§ WHAT IS EXPECTED
Search the entries below. Return every line that has "ezdxf" in it.
DATA EXCERPTS below:
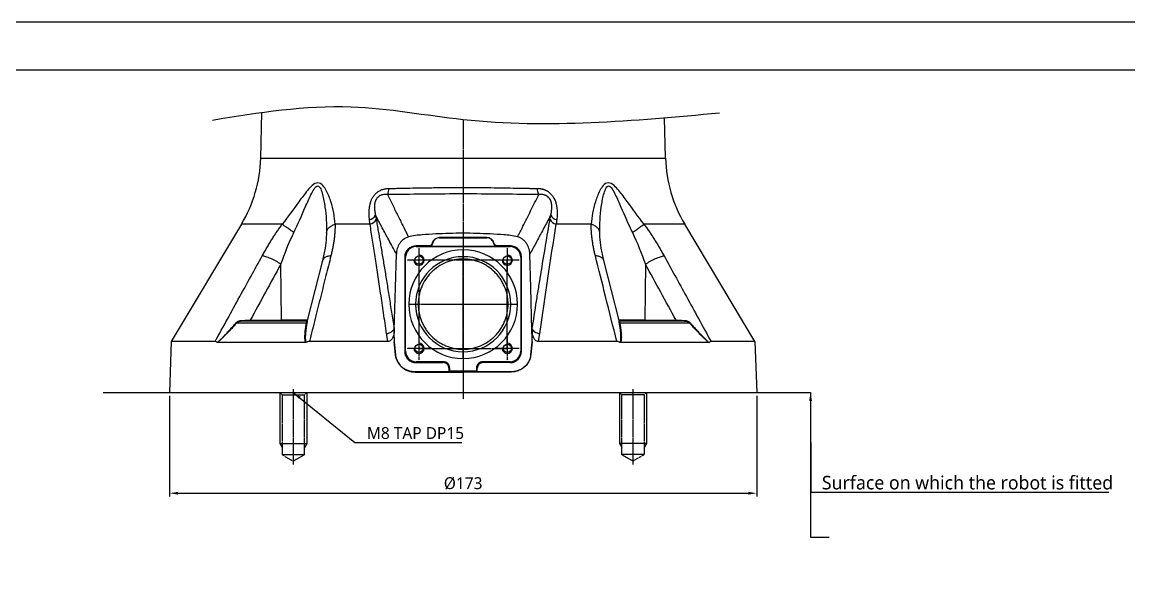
# Model space of a CAD drawing. Header units: millimetres. Extents: x 0 to 4378, y 0 to 2376.
# Drawn here: x 3869.8 to 4195.6, y 252.8 to 420 of the extents above; entities that cross this region are included whole.
import ezdxf
from ezdxf.enums import TextEntityAlignment as Align

# ---------------------------------------------------------------- set-up
doc = ezdxf.new("R2010")
doc.units = ezdxf.units.MM
doc.header["$LTSCALE"] = 0.2
for name, pattern in [('CENTER2', [1.125, 0.75, -0.125, 0.125, -0.125]), ('CENTERX2', [4, 2.5, -0.5, 0.5, -0.5]), ('HIDDEN', [0.375, 0.25, -0.125])]:
    doc.linetypes.add(name, pattern=pattern)
for name, color, linetype in [('01_Object Line', 4, 'Continuous'), ('02_Center Line', 1, 'CENTER2'), ('03_Hidden Line', 2, 'HIDDEN'), ('05_Section Line', 3, 'Continuous'), ('12_Before Rev.Num.', 5, 'Continuous')]:
    doc.layers.add(name, color=color, linetype=linetype)
doc.styles.add('Rainbow-4.0 Style', font='malgunsl.ttf')
doc.dimstyles.new('Rainbow-4.0 Style', dxfattribs={"dimtxt": 3.5, "dimasz": 2.5, "dimexe": 1, "dimexo": 1, "dimgap": 1, "dimtad": 1, "dimdsep": 46, "dimtxsty": 'Rainbow-4.0 Style', "dimcen": 0, "dimclrd": 251, "dimclre": 251, "dimclrt": 7, "dimazin": 3, "dimtp": 0.1, "dimtm": 0.1, "dimtfac": 0.61, "dimtmove": 0, "dimatfit": 3, "dimfxl": 1, "dimlwd": -1, "dimlwe": -1, "dimarcsym": 1})

# ---------------------------------------------------------------- blocks, each defined once
blk = doc.blocks.new('13211 Blk$A39N2-6W2401R')
blk.add_circle((0, 0), 1.23)
at = {"layer": '02_Center Line'}
for p, q in [((0, 3.5), (0, -3.5)), ((3.5, 0), (-3.5, 0))]:
    blk.add_line(p, q, dxfattribs=at)
at = {"layer": '05_Section Line'}
blk.add_arc((0, 0), 1.5, 180, 90, dxfattribs=at)
blk = doc.blocks.new('13211 Blk$A39N2-6W2401T')
blk.add_circle((0, 0), 1.23)
at = {"layer": '02_Center Line'}
for p, q in [((0, 3.5), (0, -3.5)), ((3.5, 0), (-3.5, 0))]:
    blk.add_line(p, q, dxfattribs=at)
at = {"layer": '05_Section Line'}
blk.add_arc((0, 0), 1.5, 180, 90, dxfattribs=at)
blk = doc.blocks.new('13211 Blk$A39N2-6W2401V')
blk.add_circle((0, 0), 1.23)
at = {"layer": '02_Center Line'}
for p, q in [((0, 3.5), (0, -3.5)), ((3.5, 0), (-3.5, 0))]:
    blk.add_line(p, q, dxfattribs=at)
at = {"layer": '05_Section Line'}
blk.add_arc((0, 0), 1.5, 180, 90, dxfattribs=at)
blk = doc.blocks.new('13211 Blk$A39N2-6W2401X')
blk.add_circle((0, 0), 1.23)
at = {"layer": '02_Center Line'}
for p, q in [((0, 3.5), (0, -3.5)), ((3.5, 0), (-3.5, 0))]:
    blk.add_line(p, q, dxfattribs=at)
at = {"layer": '05_Section Line'}
blk.add_arc((0, 0), 1.5, 180, 90, dxfattribs=at)
blk = doc.blocks.new('13211 Blk$A39N2-6W2401P')
at = {"linetype": 'Continuous', "lineweight": 25}
for p, q in [((-59.6, 71.01), (-59.25, 84.47)), ((59.6, 71.01), (59.29, 82.91)), ((-59.6, 71.01), (59.6, 71.01)), ((-65.26, 51.54), (-85.91, 16.99)), ((-40.22, 49.1), (-40.23, 48.75)), ((40.23, 48.76), (40.22, 49.1)), ((85.91, 16.99), (65.26, 51.54)), ((-40.23, 48.75), (-40.29, 47.51)), ((6.97, 47.63), (-6.97, 47.61)), ((-6.97, 47.54), (6.97, 47.56)), ((40.27, 47.74), (40.23, 48.76)), ((-10.05, 45.19), (-13.85, 45.19)), ((-13.85, 45.19), (-13.85, 44.95)), ((-13.85, 44.95), (0, 44.95)), ((0, 44.98), (-10.02, 44.98)), ((0, 44.98), (0, 44.95)), ((10.02, 44.98), (0, 44.98)), ((0, 44.95), (13.85, 44.95)), ((0, 42), (0, 44)), ((13.85, 45.19), (10.05, 45.19)), ((13.85, 44.95), (13.85, 45.19)), ((-53.49, 23.29), (-53.65, 39.81)), ((-41.42, 40.88), (-45.92, 23.23)), ((-17.19, 41.85), (-17.19, 14.15)), ((-16.95, 41.85), (-17.19, 41.85)), ((-16.95, 14.15), (-16.95, 41.85)), ((0, 41.29), (0, 42)), ((17.19, 41.85), (16.95, 41.85)), ((16.95, 41.85), (16.95, 14.15)), ((17.19, 14.15), (17.19, 41.85)), ((45.92, 23.23), (41.42, 40.88)), ((53.65, 39.81), (53.49, 23.29)), ((-45.88, 23.29), (-53.49, 23.29)), ((53.49, 23.29), (45.9, 23.29)), ((-20.32, 18.1), (-20.28, 20.3)), ((-20.28, 20.3), (-20.28, 20.3)), ((20.32, 18.1), (20.26, 20.35)), ((20.28, 20.3), (20.26, 20.35)), ((20.28, 20.3), (20.32, 18.1)), ((20.28, 20.3), (20.28, 20.3)), ((-85.91, 16.99), (-86.43, 2)), ((-22.18, 17), (-22.47, 18.89)), ((-22.18, 17), (-22.18, 16.99)), ((-20.33, 16.88), (-20.34, 16.98)), ((-20.32, 16.98), (-20.34, 16.98)), ((-20.33, 16.88), (-20.34, 16.98)), ((-20.33, 16.88), (-20.33, 16.88)), ((-20.3, 18.27), (-20.32, 16.98)), ((20.32, 16.98), (20.3, 18.27)), ((20.34, 16.98), (20.32, 16.98)), ((20.34, 16.98), (20.33, 16.88)), ((20.33, 16.88), (20.34, 16.98)), ((22.18, 17), (22.47, 18.89)), ((22.47, 18.89), (22.53, 19.3)), ((85.91, 16.99), (86.43, 2)), ((-17.19, 14.15), (-16.95, 14.15)), ((0, 14.73), (0, 14)), ((0, 14), (0, 12)), ((16.95, 14.15), (17.19, 14.15)), ((-13.85, 11.05), (-13.85, 10.81)), ((-5.83, 11.05), (-13.85, 11.05)), ((-13.85, 10.81), (-5.83, 10.81)), ((-5.83, 10.81), (-5.83, 11.05)), ((5.83, 10.81), (5.83, 11.05)), ((13.85, 11.05), (5.83, 11.05)), ((13.85, 10.81), (5.83, 10.81)), ((13.85, 10.81), (13.85, 11.05)), ((-14.17, 8.08), (-4.17, 8.08)), ((-4.17, 9.15), (-4.17, 8.08)), ((-4.17, 8.08), (-3.93, 8.33)), ((-3.93, 8.33), (-3.93, 9.15)), ((3.93, 8.33), (-3.93, 8.33)), ((4.17, 9.15), (3.93, 9.15)), ((3.93, 9.15), (3.93, 8.33)), ((3.93, 8.33), (4.17, 8.08)), ((4.17, 8.08), (4.17, 9.15)), ((4.17, 8.08), (14.17, 8.08)), ((-86.43, 2), (86.43, 2))]:
    blk.add_line(p, q, dxfattribs=at)
at = {"linetype": 'Continuous', "lineweight": 25, "flags": 128}
for points in [[(-20.87, 60.28), (-21.58, 60.27), (-22.28, 60.27)], [(-6.97, 47.61), (-6.97, 47.57), (-6.97, 47.54)], [(6.97, 47.56), (6.97, 47.6), (6.97, 47.63)], [(-20.26, 20.35), (-19.92, 32.91), (-19.65, 42.77)], [(20.26, 20.35), (19.92, 32.91), (19.65, 42.77)], [(-62.69, 23.29), (-57.53, 23.29), (-53.49, 23.29)], [(-53.37, 23), (-53.39, 23.01), (-53.41, 23.02), (-53.43, 23.05), (-53.45, 23.09), (-53.47, 23.13), (-53.48, 23.18), (-53.48, 23.24), (-53.49, 23.29)], [(53.49, 23.29), (53.48, 23.24), (53.48, 23.18), (53.47, 23.13), (53.45, 23.09), (53.43, 23.05), (53.41, 23.02), (53.39, 23.01), (53.37, 23)], [(53.49, 23.29), (58.64, 23.29), (62.69, 23.29)], [(-20.32, 20.76), (-20.3, 20.59), (-20.28, 20.45)], [(-20.32, 18.1), (-20.29, 19.36), (-20.26, 20.35)], [(-20.26, 20.35), (-20.27, 20.32), (-20.28, 20.3)], [(20.28, 20.45), (20.3, 20.63), (20.33, 20.76)], [(-20.3, 18.27), (-20.31, 18.17), (-20.32, 18.1)], [(20.32, 18.1), (20.31, 18.19), (20.3, 18.27)], [(20.33, 16.88), (20.33, 16.88), (20.33, 16.88)], [(-19.91, 13.14), (-19.92, 13.14), (-19.92, 13.14)], [(19.92, 13.14), (19.92, 13.14), (19.91, 13.14)], [(0, 8.08), (-7.94, 8.08), (-14.17, 8.08)], [(-3.93, 9.15), (-4.07, 9.15), (-4.17, 9.15)], [(0, 7.99), (0, 8.04), (0, 8.08)], [(14.17, 8.08), (6.24, 8.08), (0, 8.08)]]:
    blk.add_lwpolyline(points, dxfattribs=at)
at = {"linetype": 'Continuous', "lineweight": 25}
for centre, radius, start, end in [((-99.59, 72.06), 40, 329.1279, 358.5), ((99.59, 72.06), 40, 181.5, 210.8721), ((-26.32, 62.32), 4.54, 333.0982, 357.2856), ((26.3, 62.33), 4.54, 182.8243, 207.0648), ((-28.27, 55.6), 2.82, 284.3486, 330.8618), ((-28.14, 54.3), 2.86, 284.9335, 332.8574), ((28.14, 54.3), 2.86, 207.142, 255.0673), ((28.27, 55.61), 2.82, 209.1469, 255.655), ((-6.97, 45.44), 2.17, 90.0924, 166.2598), ((6.97, 45.46), 2.17, 13.3227, 90.0923), ((-13.85, 41.85), 3.34, 90, 180.0001), ((-13.85, 41.85), 3.1, 90, 180), ((0, 28), 16, 90, 270), ((0, 28), 16, 270, 90), ((13.85, 41.85), 3.1, 0, 90), ((0, 28), 14, 90, 270), ((0, 28), 14, 270, 90), ((-21.43, 20.84), 1.27, 335.0181, 337.4625), ((21.43, 20.84), 1.26, 202.5326, 204.9884), ((-13.85, 14.15), 3.1, 180, 270), ((13.85, 14.15), 3.34, 270, 359.9999), ((13.85, 14.15), 3.1, 270, 0), ((-5.83, 9.15), 1.9, 359.9077, 90), ((-5.83, 9.15), 1.66, 359.9077, 90), ((5.83, 9.15), 1.9, 90, 180.0923), ((5.83, 9.15), 1.66, 90, 180.0923)]:
    blk.add_arc(centre, radius, start, end, dxfattribs=at)
for points, knots in [([(-37.7, 51.54), (-37.82, 53.75), (-38.24, 56), (-39.3, 59.33), (-39.72, 60.44), (-40.57, 62.01), (-40.88, 62.52), (-41.66, 63.39), (-42.17, 63.76), (-43.37, 63.75), (-43.95, 63.37), (-44.96, 62.49), (-45.42, 61.97), (-46.73, 60.4), (-47.53, 59.29), (-49.96, 55.97), (-51.57, 53.74), (-53.26, 51.54)], [0, 0, 0, 0, 0.25, 0.25, 0.375, 0.375, 0.4375, 0.4375, 0.5, 0.5, 0.5625, 0.5625, 0.625, 0.625, 0.75, 0.75, 1, 1, 1, 1]), ([(-49.84, 49.1), (-48.66, 51.58), (-47.55, 54.09), (-45.92, 57.83), (-45.38, 59.07), (-44.52, 60.84), (-44.22, 61.42), (-43.58, 62.41), (-43.21, 62.84), (-42.47, 62.86), (-42.17, 62.43), (-41.71, 61.46), (-41.53, 60.89), (-41.07, 59.12), (-40.85, 57.87), (-40.33, 54.12), (-40.17, 51.59), (-40.22, 49.1)], [0, 0, 0, 0, 0.25, 0.25, 0.375, 0.375, 0.4375, 0.4375, 0.5, 0.5, 0.5625, 0.5625, 0.625, 0.625, 0.75, 0.75, 1, 1, 1, 1]), ([(-27.57, 52.87), (-27.58, 52.99), (-27.61, 53.23), (-27.64, 53.6), (-27.66, 53.96), (-27.67, 54.32), (-27.68, 54.67), (-27.68, 55.01), (-27.67, 55.34), (-27.65, 55.67), (-27.63, 55.99), (-27.59, 56.31), (-27.55, 56.62), (-27.5, 56.92), (-27.45, 57.21), (-27.38, 57.5), (-27.31, 57.78), (-27.23, 58.05), (-27.14, 58.31), (-27.04, 58.57), (-26.86, 58.98), (-26.56, 59.55), (-26.06, 60.23), (-25.48, 60.82), (-24.9, 61.25), (-24.36, 61.54), (-23.89, 61.75), (-23.4, 61.9), (-22.89, 62.02), (-22.35, 62.09), (-21.98, 62.1), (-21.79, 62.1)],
End of DATA EXCERPTS.
§ RESPONSE TO THE TASK
import ezdxf
from ezdxf.enums import TextEntityAlignment as Align
doc = ezdxf.new("R2010")
doc.units = ezdxf.units.MM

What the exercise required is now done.